[Opening SOURCE DATA section]
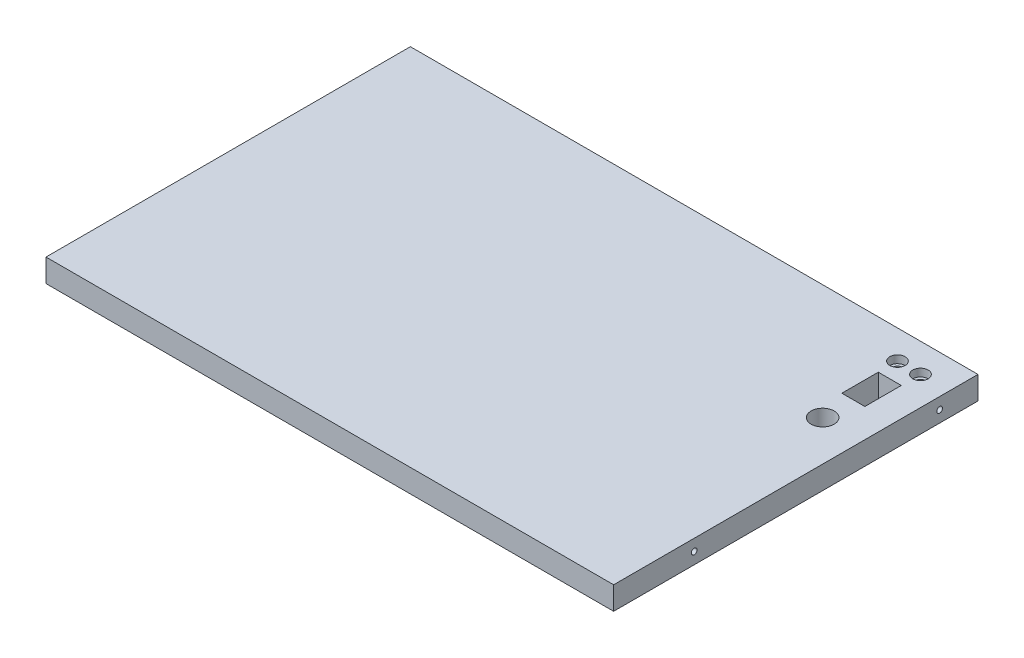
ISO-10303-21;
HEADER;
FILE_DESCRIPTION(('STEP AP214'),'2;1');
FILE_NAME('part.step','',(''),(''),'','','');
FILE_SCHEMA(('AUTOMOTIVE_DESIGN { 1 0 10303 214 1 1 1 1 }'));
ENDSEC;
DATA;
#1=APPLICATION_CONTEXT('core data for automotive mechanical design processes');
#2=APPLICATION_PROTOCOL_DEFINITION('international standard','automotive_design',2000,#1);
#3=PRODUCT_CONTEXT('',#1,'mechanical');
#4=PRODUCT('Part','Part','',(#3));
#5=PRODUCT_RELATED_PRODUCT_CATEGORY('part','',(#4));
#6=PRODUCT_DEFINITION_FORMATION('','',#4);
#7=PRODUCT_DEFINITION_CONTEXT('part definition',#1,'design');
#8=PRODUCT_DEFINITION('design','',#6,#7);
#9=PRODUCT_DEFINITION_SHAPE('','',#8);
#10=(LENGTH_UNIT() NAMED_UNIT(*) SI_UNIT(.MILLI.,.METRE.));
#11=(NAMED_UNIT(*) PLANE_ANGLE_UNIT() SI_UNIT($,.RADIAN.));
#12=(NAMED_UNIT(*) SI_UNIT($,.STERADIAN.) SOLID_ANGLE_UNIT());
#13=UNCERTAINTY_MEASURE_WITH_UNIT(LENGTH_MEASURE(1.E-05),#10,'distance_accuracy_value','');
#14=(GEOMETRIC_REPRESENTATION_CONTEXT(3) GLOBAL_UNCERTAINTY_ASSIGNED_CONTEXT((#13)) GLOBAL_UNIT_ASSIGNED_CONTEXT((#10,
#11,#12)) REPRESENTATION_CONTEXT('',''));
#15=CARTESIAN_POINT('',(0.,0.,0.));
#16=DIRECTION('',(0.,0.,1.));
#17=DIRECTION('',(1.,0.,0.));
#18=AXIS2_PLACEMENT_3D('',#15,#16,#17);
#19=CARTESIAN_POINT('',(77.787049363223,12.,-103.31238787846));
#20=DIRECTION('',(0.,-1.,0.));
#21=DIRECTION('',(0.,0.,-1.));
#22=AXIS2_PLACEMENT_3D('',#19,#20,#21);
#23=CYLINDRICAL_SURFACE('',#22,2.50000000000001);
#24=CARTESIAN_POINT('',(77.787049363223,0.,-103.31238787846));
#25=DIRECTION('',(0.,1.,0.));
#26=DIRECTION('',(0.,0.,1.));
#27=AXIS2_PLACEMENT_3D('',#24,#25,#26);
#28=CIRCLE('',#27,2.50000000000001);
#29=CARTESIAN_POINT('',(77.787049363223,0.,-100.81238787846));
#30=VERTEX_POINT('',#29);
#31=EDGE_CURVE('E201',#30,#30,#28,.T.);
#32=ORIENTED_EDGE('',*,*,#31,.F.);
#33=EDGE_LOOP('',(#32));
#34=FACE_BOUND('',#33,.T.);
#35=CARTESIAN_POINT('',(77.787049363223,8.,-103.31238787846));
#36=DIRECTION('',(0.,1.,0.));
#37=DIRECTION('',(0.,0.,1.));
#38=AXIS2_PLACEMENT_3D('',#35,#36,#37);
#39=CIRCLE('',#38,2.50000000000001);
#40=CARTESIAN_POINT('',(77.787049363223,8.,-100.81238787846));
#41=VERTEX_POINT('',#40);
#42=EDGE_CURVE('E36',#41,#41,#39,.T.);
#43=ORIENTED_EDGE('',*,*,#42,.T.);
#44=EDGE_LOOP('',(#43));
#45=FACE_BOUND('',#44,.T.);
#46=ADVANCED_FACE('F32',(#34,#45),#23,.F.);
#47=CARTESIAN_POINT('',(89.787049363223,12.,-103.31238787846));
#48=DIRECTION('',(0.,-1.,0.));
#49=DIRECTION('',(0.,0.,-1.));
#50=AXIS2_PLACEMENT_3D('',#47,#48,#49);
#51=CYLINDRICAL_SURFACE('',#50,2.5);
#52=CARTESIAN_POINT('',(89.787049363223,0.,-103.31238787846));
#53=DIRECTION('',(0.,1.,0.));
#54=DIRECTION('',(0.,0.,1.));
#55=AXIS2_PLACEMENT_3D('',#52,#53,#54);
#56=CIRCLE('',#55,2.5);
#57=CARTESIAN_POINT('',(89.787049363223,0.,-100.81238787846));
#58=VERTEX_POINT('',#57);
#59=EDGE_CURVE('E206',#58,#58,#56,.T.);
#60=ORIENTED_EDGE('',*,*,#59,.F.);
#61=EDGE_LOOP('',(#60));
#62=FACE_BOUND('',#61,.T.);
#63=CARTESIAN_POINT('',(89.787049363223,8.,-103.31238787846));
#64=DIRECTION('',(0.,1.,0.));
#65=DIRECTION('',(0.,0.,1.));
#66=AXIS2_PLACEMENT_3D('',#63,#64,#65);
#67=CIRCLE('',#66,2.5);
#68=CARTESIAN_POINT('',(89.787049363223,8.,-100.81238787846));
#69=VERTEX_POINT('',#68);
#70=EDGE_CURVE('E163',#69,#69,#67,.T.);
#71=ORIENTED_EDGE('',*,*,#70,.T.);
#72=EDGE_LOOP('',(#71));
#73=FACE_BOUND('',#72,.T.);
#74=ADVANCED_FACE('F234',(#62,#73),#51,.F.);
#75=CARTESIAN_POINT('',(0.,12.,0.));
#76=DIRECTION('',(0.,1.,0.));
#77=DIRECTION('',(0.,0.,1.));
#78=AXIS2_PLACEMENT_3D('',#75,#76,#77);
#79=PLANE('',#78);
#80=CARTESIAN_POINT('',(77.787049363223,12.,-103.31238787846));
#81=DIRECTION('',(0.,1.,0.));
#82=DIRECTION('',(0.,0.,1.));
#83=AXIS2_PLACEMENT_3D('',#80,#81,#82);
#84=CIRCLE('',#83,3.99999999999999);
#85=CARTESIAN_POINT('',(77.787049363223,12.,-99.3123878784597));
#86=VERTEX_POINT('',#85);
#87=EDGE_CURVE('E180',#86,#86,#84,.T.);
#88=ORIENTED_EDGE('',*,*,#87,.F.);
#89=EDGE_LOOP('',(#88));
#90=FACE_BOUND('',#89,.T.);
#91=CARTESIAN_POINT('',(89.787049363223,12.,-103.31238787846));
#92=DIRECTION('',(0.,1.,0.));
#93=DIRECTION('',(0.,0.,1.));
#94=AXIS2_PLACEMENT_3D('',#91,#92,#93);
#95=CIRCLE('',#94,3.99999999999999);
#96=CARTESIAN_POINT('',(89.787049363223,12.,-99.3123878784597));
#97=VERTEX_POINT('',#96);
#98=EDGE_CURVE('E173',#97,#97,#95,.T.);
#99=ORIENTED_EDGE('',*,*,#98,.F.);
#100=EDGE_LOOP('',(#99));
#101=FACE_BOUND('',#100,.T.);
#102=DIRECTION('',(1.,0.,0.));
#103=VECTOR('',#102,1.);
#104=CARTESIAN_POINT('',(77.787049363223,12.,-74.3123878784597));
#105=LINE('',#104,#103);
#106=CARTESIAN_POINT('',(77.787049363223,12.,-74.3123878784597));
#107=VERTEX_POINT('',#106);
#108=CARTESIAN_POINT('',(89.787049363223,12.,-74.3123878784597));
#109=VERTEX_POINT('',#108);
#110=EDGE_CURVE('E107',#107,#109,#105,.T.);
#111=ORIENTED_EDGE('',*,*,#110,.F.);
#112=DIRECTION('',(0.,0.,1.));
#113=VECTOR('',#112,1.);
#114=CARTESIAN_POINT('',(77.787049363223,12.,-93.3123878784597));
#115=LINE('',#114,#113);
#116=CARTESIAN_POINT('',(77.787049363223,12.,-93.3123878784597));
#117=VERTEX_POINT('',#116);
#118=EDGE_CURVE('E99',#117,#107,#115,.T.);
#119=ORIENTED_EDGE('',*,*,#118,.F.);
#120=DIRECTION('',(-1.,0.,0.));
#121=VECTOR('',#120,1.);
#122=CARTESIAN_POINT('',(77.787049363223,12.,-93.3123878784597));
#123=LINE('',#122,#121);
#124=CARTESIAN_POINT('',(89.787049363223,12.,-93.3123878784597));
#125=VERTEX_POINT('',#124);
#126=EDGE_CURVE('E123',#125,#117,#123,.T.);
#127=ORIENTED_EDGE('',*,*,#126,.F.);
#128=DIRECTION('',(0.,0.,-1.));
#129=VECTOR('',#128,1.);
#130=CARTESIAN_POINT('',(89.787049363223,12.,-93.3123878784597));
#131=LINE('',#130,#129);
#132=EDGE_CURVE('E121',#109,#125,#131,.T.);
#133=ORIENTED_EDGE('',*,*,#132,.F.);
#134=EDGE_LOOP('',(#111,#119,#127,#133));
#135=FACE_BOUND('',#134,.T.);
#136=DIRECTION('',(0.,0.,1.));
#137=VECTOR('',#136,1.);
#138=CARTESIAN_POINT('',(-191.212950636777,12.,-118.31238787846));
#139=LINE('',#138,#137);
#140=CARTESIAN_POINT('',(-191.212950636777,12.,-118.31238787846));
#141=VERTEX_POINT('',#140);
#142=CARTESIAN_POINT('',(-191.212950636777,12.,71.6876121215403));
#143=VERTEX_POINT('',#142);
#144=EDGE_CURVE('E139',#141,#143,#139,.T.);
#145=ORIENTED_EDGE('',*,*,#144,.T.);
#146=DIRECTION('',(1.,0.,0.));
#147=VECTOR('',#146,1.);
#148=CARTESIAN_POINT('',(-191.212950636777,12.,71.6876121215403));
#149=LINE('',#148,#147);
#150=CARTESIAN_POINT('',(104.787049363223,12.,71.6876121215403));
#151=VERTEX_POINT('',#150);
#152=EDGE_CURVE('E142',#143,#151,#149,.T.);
[Closing SOURCE DATA section]
WORK REQUEST >> Retype the records above word for word, from their first line through the line containing "#6=PRODUCT_DEFINITION_FORMATION('','',#4);", and leave out every picture.

ANSWER SECTION >>
ISO-10303-21;
HEADER;
FILE_DESCRIPTION(('STEP AP214'),'2;1');
FILE_NAME('part.step','',(''),(''),'','','');
FILE_SCHEMA(('AUTOMOTIVE_DESIGN { 1 0 10303 214 1 1 1 1 }'));
ENDSEC;
DATA;
#1=APPLICATION_CONTEXT('core data for automotive mechanical design processes');
#2=APPLICATION_PROTOCOL_DEFINITION('international standard','automotive_design',2000,#1);
#3=PRODUCT_CONTEXT('',#1,'mechanical');
#4=PRODUCT('Part','Part','',(#3));
#5=PRODUCT_RELATED_PRODUCT_CATEGORY('part','',(#4));
#6=PRODUCT_DEFINITION_FORMATION('','',#4);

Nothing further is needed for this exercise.